Political pre-coggers
On which topic, today’s political predictors are those sibyls of the south, University of Tasmania academics Tony McCall and Richard Herr. Dr McCall expects the Liberals to win the seats of Braddon, Lyons and Bass from Labor. He is silent on the fate of independent Andrew Wilkie in Denison, who is endorsed by the National Tertiary Education Union, and what will happen in Franklin, which Julie Collins held for Labor last time with 57 per cent of the two party preferred vote. Dr Herr predicts the conservative will take Braddon and Bass from the ALP.

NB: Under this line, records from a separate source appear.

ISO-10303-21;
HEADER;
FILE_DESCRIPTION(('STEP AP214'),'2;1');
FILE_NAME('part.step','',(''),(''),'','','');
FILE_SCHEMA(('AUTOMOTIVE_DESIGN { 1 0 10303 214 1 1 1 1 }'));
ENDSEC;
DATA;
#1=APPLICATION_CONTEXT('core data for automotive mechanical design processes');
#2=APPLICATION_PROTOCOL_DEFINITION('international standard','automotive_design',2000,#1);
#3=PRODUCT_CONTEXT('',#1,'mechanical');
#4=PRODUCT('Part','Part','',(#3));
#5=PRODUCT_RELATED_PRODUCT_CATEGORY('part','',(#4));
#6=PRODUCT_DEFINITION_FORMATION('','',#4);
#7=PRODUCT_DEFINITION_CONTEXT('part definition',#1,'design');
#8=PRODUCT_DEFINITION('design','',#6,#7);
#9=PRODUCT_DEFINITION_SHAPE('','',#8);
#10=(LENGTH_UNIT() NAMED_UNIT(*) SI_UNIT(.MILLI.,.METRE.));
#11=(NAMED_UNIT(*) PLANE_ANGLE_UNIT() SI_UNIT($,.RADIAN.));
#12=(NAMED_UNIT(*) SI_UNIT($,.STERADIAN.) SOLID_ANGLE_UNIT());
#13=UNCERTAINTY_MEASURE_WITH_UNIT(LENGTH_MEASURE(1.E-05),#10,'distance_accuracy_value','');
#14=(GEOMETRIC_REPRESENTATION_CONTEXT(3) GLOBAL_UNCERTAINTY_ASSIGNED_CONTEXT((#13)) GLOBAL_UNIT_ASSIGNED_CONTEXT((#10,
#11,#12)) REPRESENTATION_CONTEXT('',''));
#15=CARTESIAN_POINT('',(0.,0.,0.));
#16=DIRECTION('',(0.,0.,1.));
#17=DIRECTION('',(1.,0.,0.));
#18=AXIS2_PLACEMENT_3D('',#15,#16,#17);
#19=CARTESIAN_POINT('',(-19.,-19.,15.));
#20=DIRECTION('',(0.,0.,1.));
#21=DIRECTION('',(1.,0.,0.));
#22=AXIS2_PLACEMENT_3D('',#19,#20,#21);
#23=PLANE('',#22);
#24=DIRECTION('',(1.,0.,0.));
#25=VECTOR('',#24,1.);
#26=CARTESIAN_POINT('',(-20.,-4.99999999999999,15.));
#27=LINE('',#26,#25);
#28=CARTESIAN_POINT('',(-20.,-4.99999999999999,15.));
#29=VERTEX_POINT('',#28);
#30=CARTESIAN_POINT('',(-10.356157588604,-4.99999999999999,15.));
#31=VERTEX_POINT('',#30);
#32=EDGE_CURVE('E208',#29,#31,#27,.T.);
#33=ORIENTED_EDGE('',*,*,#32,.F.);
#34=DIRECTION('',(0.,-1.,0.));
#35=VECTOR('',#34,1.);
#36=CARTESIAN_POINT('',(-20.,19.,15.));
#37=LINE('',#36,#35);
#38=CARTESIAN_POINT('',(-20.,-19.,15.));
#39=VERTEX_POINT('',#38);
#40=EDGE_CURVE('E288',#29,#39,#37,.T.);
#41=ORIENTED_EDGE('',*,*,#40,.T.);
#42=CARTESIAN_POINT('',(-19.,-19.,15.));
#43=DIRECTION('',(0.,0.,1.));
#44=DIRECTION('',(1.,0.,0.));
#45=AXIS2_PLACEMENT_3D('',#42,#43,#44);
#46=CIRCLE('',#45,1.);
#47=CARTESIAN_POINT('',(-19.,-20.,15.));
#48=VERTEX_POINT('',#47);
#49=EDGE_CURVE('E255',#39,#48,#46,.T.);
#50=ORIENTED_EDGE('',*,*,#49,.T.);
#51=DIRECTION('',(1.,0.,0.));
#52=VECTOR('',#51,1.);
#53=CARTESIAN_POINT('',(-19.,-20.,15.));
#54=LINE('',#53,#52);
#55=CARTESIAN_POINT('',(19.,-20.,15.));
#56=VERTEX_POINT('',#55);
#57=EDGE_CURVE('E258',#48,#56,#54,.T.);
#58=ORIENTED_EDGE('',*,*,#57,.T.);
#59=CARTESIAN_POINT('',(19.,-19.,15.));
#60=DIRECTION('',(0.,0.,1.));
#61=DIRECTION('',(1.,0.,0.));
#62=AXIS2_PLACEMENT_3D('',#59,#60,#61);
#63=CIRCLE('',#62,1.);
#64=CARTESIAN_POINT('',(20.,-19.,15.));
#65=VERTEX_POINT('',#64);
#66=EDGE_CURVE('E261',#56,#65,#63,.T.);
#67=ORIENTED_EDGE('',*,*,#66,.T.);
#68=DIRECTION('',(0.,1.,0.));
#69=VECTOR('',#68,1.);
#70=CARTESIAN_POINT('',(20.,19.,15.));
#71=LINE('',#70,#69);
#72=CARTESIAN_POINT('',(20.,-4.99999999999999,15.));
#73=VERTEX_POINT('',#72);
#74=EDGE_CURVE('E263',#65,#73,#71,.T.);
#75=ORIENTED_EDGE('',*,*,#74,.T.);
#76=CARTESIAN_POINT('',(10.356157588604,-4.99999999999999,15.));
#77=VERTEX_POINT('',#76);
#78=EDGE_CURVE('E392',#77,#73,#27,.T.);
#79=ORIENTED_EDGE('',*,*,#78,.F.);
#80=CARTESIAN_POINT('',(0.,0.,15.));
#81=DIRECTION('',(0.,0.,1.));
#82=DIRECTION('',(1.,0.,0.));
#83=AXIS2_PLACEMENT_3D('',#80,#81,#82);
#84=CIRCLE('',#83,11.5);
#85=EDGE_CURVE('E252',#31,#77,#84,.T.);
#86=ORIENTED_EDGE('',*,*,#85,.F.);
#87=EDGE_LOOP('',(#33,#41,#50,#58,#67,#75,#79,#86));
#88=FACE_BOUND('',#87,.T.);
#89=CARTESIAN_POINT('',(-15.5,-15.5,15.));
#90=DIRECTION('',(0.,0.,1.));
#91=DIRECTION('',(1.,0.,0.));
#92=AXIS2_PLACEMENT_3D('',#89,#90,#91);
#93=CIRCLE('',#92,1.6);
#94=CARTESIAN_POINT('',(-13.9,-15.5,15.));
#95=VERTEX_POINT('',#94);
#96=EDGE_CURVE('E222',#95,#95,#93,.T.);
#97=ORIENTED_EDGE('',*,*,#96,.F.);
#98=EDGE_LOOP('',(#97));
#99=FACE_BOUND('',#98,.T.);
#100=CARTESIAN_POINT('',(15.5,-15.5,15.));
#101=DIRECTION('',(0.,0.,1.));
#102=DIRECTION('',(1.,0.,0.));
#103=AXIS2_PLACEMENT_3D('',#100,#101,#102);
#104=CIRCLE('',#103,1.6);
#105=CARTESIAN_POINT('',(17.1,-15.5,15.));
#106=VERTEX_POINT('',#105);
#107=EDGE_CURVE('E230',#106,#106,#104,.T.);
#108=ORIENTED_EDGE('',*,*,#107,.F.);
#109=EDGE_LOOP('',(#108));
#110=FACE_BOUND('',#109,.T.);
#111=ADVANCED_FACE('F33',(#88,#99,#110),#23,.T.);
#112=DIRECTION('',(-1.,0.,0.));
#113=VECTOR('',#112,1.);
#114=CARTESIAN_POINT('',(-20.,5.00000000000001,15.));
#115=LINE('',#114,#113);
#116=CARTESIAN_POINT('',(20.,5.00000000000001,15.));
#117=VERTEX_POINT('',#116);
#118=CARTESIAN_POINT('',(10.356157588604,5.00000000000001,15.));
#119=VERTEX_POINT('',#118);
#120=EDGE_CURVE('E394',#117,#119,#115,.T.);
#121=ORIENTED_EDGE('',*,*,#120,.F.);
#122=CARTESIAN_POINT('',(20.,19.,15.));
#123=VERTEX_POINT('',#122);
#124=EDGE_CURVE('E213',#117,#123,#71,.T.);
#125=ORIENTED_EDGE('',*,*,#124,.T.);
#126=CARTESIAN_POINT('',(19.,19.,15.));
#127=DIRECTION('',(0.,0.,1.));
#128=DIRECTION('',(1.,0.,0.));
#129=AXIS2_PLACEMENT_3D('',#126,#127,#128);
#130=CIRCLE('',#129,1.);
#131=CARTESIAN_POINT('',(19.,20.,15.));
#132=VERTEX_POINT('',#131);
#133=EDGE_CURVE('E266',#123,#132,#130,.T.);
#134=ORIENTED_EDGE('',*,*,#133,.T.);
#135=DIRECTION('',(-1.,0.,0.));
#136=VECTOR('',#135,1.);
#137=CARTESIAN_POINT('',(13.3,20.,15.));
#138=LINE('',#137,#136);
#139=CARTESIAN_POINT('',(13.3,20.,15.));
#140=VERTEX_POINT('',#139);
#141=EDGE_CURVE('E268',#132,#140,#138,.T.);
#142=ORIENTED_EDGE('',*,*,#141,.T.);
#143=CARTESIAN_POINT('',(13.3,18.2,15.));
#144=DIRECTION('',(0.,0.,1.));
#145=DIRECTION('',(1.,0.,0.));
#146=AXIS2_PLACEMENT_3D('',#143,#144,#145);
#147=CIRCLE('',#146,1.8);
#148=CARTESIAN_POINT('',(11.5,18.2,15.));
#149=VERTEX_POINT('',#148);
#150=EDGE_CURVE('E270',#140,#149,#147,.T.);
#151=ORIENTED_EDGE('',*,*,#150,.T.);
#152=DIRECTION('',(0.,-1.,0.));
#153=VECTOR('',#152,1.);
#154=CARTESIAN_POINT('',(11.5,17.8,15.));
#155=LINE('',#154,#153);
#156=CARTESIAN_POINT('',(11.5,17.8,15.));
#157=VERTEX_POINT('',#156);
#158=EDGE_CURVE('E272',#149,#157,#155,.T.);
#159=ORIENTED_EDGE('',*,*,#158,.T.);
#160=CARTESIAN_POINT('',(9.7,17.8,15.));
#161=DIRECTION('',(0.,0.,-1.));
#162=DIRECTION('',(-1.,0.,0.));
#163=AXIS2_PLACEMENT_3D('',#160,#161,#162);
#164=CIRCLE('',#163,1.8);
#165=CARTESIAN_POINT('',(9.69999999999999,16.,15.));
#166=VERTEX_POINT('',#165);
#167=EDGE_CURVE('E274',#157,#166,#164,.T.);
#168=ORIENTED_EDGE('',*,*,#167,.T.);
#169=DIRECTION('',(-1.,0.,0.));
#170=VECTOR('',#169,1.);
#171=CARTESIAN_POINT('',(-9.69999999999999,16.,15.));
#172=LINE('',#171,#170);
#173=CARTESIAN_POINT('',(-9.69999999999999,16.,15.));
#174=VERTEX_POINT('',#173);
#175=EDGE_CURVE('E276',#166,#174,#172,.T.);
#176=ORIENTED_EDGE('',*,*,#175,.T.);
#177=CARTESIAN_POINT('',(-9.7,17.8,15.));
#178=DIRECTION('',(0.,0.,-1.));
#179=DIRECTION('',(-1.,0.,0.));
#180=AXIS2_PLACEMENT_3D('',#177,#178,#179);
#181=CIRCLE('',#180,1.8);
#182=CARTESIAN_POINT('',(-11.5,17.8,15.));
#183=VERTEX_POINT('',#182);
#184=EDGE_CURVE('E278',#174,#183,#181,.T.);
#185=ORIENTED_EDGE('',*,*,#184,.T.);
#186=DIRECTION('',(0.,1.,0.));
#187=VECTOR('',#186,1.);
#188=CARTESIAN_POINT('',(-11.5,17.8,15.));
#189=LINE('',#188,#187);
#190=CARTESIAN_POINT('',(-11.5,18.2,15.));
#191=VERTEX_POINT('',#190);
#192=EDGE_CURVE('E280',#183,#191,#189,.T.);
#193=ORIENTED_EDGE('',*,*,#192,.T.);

Degrees that don’t deliver
CMM has long watched the US debate on the cost and benefit of higher education and the scary stories of graduates with huge debts and no jobs and wondered whether or when it would happen here. Well, it started Thursday morning when a mother told Linda Mottram on ABC radio in Sydney that her two graduate sons were unemployed. They weren’t arts graduates struggling to find meaningful work, they were chemical engineers. The days when everybody automatically assumed that a vocational degree will deliver are ending and the tough times for university recruiters are beginning.
Different diagnoses
Legend has it that when Gough Whitlam campaigned in the country his advisors counselled that if the locals had a river he should promise them a dam, if streams were light-on he should suggest a college of advanced education. It would never happen now, because the minimum acceptable offer is a medical school. The Fin reported yesterday that the Liberals are “expected to announce” funding for a new medical school at Curtin University. This may or may not provide a precedent for Andrew Vann, VC of Charles Sturt University, who is partnering with La Trobe in pushing for a new bush medical school to serve the Murray Darling basin. Energetic Andy makes a compelling case, for campuses at Bathurst, Wagga (both CSU) and Bendigo (LaTrobe) to meet specific specialist shortages and address the general deficit of country docs. The problem is that established medical schools don’t agree. The University of New South Wales wants to build on the medical education it already offers at Wagga. Nor are some students of existing medical schools all that impressed. Bendigo boy and Deakin medical student Frayne Gomez bought into the argument yesterday, suggesting there are more doctors graduating in the bush than there are hospital spots for interns. The less this fight appears a straightforward country versus city stoush the harder it will be for CSU-La Trobe to win.
Incomprehensible infrastructure
There was exultation across the Illawarra yesterday when the NSW state government shortlisted iAccelerate at the University of Wollongong as a priority infrastructure project. And what, CMM hears you ask (oh go on, humour me) does this organisation get up to? Well, it is “a key component” of the university’s “goal to develop an innovation ecosystem … delivered through synergistic programs designed to accelerate innovation development.” No, CMM has no idea what it means either. Why universities produce such guff when they have real research achievements to explain confounds CMM. Like the news that UoW researchers, cooperating with St Vincent’s in Melbourne have grown cartilage from stem cells on a scaffold created by a three-D printer. The university researchers say they expect creating defined tissue shapes on the scaffold will take a month. I wonder if a three-D printer can grow an innovation ecosystem, synergistically?